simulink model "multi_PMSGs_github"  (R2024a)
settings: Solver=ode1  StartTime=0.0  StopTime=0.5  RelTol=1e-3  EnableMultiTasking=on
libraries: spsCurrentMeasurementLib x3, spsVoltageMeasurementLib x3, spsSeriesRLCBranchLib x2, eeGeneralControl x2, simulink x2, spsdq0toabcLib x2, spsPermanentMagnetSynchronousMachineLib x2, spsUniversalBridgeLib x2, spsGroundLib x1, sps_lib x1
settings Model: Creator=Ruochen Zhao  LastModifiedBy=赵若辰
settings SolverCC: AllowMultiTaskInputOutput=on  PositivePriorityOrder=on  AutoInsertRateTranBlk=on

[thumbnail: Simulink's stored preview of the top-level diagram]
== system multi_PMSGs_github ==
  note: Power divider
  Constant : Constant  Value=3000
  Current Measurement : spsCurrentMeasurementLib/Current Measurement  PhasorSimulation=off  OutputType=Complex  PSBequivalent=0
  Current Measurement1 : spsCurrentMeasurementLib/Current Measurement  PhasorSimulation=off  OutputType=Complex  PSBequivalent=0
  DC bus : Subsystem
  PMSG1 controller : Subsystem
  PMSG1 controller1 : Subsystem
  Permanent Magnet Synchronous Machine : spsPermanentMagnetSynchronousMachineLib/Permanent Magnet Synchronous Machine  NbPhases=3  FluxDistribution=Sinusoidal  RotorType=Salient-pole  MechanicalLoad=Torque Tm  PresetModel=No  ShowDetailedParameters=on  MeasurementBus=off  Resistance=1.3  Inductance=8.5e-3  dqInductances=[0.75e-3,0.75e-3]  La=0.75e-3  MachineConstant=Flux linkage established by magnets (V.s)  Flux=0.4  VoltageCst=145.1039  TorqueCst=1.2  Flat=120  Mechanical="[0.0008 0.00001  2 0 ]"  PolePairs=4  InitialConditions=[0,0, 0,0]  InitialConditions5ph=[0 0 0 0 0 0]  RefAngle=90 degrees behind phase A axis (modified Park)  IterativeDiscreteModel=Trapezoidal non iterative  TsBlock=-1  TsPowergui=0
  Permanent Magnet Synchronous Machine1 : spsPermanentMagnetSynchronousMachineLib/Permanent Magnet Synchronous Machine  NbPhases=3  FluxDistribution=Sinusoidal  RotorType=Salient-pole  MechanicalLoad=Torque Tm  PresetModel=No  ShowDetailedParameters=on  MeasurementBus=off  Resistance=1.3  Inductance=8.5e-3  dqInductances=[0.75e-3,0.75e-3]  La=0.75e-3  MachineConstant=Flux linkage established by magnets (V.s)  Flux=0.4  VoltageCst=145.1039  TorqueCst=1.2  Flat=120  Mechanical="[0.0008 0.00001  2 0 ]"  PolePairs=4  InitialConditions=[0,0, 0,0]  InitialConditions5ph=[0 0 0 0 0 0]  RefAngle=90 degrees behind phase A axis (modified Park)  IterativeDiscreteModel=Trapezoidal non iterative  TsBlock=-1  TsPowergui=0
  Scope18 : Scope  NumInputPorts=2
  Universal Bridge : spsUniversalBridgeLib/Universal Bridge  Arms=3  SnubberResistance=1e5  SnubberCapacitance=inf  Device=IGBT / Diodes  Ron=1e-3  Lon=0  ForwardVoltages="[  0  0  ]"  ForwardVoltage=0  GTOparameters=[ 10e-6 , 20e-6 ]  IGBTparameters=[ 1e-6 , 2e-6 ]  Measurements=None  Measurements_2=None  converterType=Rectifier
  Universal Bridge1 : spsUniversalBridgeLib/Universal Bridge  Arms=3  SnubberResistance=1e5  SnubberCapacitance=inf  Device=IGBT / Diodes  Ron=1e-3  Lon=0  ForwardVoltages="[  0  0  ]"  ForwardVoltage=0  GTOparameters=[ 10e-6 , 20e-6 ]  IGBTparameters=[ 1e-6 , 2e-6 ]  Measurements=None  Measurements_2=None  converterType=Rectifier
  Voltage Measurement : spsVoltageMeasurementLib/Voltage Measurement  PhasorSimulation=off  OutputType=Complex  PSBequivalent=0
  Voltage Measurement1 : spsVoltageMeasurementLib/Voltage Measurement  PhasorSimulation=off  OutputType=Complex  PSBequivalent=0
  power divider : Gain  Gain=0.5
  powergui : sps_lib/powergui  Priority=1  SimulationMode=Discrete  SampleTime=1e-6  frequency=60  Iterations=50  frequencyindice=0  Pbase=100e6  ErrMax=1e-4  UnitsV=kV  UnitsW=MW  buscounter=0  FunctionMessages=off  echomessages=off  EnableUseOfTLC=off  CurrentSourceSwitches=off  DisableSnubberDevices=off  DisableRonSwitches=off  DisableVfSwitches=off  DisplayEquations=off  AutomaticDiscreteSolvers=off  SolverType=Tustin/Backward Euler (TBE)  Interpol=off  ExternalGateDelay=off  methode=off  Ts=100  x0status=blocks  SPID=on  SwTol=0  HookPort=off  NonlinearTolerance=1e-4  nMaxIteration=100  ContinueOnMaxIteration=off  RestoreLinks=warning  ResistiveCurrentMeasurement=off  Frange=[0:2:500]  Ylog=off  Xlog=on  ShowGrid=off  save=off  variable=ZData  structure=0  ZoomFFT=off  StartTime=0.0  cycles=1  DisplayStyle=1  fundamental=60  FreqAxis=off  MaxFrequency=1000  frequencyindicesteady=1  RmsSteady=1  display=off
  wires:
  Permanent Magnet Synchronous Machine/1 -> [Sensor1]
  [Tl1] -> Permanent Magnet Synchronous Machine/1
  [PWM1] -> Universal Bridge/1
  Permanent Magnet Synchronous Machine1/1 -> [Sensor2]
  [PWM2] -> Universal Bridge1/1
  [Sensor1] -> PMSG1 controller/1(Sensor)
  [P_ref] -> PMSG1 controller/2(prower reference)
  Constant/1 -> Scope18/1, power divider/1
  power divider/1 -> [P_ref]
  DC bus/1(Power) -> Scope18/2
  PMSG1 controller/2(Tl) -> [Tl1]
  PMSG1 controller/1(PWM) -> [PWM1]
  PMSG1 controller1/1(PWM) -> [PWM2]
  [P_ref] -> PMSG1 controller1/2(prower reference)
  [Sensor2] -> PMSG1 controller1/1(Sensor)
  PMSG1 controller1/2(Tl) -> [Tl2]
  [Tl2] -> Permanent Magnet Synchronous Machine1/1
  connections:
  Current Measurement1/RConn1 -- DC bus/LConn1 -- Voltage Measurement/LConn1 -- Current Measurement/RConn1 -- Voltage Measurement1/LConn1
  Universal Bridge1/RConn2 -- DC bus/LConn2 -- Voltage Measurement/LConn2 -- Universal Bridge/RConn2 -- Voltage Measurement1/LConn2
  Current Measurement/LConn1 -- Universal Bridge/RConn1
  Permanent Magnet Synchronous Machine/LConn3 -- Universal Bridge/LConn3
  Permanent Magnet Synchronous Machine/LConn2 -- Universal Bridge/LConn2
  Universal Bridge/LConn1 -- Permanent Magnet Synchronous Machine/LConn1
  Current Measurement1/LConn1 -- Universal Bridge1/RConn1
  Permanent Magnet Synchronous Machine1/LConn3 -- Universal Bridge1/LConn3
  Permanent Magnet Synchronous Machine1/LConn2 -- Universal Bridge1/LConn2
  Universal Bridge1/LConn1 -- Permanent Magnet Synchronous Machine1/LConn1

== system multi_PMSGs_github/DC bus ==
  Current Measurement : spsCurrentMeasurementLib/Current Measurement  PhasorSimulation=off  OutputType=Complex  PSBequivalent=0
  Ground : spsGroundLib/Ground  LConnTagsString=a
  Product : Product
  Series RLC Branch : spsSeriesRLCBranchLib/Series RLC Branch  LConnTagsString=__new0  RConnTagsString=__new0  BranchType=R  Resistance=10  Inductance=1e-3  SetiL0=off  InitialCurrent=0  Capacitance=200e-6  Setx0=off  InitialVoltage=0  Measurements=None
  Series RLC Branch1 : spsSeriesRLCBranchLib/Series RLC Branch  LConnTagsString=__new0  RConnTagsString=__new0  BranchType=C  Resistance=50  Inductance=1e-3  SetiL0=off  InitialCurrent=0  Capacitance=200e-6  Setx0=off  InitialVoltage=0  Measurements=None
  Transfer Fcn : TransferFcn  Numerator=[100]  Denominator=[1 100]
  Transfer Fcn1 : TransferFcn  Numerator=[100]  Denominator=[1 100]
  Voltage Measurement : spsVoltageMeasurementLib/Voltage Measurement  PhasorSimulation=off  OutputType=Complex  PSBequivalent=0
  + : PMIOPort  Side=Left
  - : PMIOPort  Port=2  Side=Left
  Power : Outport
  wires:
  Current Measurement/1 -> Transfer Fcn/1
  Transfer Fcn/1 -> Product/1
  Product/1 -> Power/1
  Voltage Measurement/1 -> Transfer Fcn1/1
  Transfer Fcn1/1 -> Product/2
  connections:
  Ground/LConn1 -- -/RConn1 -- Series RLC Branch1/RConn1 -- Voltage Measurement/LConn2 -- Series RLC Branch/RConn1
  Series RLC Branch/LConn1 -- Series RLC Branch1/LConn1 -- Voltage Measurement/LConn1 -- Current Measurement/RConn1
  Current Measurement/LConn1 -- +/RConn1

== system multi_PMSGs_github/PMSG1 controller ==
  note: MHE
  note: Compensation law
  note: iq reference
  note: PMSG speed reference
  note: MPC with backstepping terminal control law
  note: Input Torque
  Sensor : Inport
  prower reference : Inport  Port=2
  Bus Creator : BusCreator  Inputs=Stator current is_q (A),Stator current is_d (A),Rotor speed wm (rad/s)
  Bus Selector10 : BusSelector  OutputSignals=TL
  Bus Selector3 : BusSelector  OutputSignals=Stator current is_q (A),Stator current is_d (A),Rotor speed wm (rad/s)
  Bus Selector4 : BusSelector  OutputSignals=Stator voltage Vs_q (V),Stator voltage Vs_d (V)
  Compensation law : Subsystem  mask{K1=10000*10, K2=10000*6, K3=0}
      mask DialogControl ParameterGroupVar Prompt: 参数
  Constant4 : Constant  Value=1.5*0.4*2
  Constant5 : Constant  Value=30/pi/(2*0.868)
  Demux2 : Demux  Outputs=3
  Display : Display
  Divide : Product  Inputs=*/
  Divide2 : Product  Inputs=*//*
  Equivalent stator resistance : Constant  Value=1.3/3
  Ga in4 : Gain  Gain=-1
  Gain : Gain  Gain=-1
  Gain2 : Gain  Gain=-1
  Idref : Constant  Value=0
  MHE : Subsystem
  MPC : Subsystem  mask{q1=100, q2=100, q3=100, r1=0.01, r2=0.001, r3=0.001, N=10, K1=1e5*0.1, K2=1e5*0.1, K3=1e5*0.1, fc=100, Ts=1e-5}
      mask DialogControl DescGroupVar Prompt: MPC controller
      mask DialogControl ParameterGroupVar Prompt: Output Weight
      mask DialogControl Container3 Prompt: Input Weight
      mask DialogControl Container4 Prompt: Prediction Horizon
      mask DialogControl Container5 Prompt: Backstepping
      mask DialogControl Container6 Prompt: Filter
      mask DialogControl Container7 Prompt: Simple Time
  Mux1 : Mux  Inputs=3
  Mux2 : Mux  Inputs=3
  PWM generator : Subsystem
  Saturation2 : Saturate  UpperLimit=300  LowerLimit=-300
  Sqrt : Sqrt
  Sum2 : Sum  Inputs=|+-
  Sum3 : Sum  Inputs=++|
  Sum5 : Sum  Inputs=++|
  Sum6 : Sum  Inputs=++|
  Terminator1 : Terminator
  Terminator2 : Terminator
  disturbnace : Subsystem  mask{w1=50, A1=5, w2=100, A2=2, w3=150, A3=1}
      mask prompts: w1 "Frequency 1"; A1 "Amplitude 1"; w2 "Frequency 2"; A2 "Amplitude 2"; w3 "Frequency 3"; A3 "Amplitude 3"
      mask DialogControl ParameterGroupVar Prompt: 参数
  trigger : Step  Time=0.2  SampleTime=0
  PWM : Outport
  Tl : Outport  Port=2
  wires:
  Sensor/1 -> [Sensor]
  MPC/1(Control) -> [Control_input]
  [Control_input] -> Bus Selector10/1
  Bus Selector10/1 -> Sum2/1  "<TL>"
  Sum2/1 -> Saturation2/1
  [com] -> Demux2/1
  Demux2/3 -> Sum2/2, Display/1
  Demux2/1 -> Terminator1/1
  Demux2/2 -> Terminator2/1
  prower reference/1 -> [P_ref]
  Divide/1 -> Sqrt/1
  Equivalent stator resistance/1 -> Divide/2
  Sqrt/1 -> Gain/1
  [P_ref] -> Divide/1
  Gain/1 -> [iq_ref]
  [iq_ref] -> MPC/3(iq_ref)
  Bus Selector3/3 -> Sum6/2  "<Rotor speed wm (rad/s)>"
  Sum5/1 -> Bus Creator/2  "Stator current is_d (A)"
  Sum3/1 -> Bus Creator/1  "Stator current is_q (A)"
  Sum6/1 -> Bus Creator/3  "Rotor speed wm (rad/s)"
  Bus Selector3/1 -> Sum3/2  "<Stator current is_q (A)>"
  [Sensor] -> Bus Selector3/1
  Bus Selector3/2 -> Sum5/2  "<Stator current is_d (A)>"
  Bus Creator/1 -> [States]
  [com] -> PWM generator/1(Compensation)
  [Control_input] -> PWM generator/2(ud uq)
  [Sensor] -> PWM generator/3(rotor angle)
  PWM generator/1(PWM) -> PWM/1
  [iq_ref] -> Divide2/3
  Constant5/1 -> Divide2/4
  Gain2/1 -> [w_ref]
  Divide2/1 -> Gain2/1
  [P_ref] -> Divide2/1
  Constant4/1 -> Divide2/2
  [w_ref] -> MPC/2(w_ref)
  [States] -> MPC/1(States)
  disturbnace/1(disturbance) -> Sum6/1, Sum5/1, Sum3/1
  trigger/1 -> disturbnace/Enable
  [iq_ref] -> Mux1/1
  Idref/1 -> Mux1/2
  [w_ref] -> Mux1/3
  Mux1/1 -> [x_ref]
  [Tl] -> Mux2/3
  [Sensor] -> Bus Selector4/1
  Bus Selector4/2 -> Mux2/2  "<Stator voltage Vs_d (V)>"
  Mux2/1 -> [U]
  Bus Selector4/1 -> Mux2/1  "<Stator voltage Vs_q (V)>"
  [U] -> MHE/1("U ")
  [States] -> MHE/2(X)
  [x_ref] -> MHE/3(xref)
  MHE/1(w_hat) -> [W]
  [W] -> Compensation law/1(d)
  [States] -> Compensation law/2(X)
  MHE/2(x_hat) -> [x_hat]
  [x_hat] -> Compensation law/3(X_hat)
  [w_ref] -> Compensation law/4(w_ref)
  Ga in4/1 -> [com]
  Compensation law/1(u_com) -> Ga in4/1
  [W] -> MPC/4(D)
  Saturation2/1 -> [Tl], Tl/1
═══
INSTRUCTIONS TO FOLLOW: Every line of the material that holds the word "None" must be found and copied.

EXERCISE RESULT:
  Universal Bridge : spsUniversalBridgeLib/Universal Bridge  Arms=3  SnubberResistance=1e5  SnubberCapacitance=inf  Device=IGBT / Diodes  Ron=1e-3  Lon=0  ForwardVoltages="[  0  0  ]"  ForwardVoltage=0  GTOparameters=[ 10e-6 , 20e-6 ]  IGBTparameters=[ 1e-6 , 2e-6 ]  Measurements=None  Measurements_2=None  converterType=Rectifier
  Universal Bridge1 : spsUniversalBridgeLib/Universal Bridge  Arms=3  SnubberResistance=1e5  SnubberCapacitance=inf  Device=IGBT / Diodes  Ron=1e-3  Lon=0  ForwardVoltages="[  0  0  ]"  ForwardVoltage=0  GTOparameters=[ 10e-6 , 20e-6 ]  IGBTparameters=[ 1e-6 , 2e-6 ]  Measurements=None  Measurements_2=None  converterType=Rectifier
  Series RLC Branch : spsSeriesRLCBranchLib/Series RLC Branch  LConnTagsString=__new0  RConnTagsString=__new0  BranchType=R  Resistance=10  Inductance=1e-3  SetiL0=off  InitialCurrent=0  Capacitance=200e-6  Setx0=off  InitialVoltage=0  Measurements=None
  Series RLC Branch1 : spsSeriesRLCBranchLib/Series RLC Branch  LConnTagsString=__new0  RConnTagsString=__new0  BranchType=C  Resistance=50  Inductance=1e-3  SetiL0=off  InitialCurrent=0  Capacitance=200e-6  Setx0=off  InitialVoltage=0  Measurements=None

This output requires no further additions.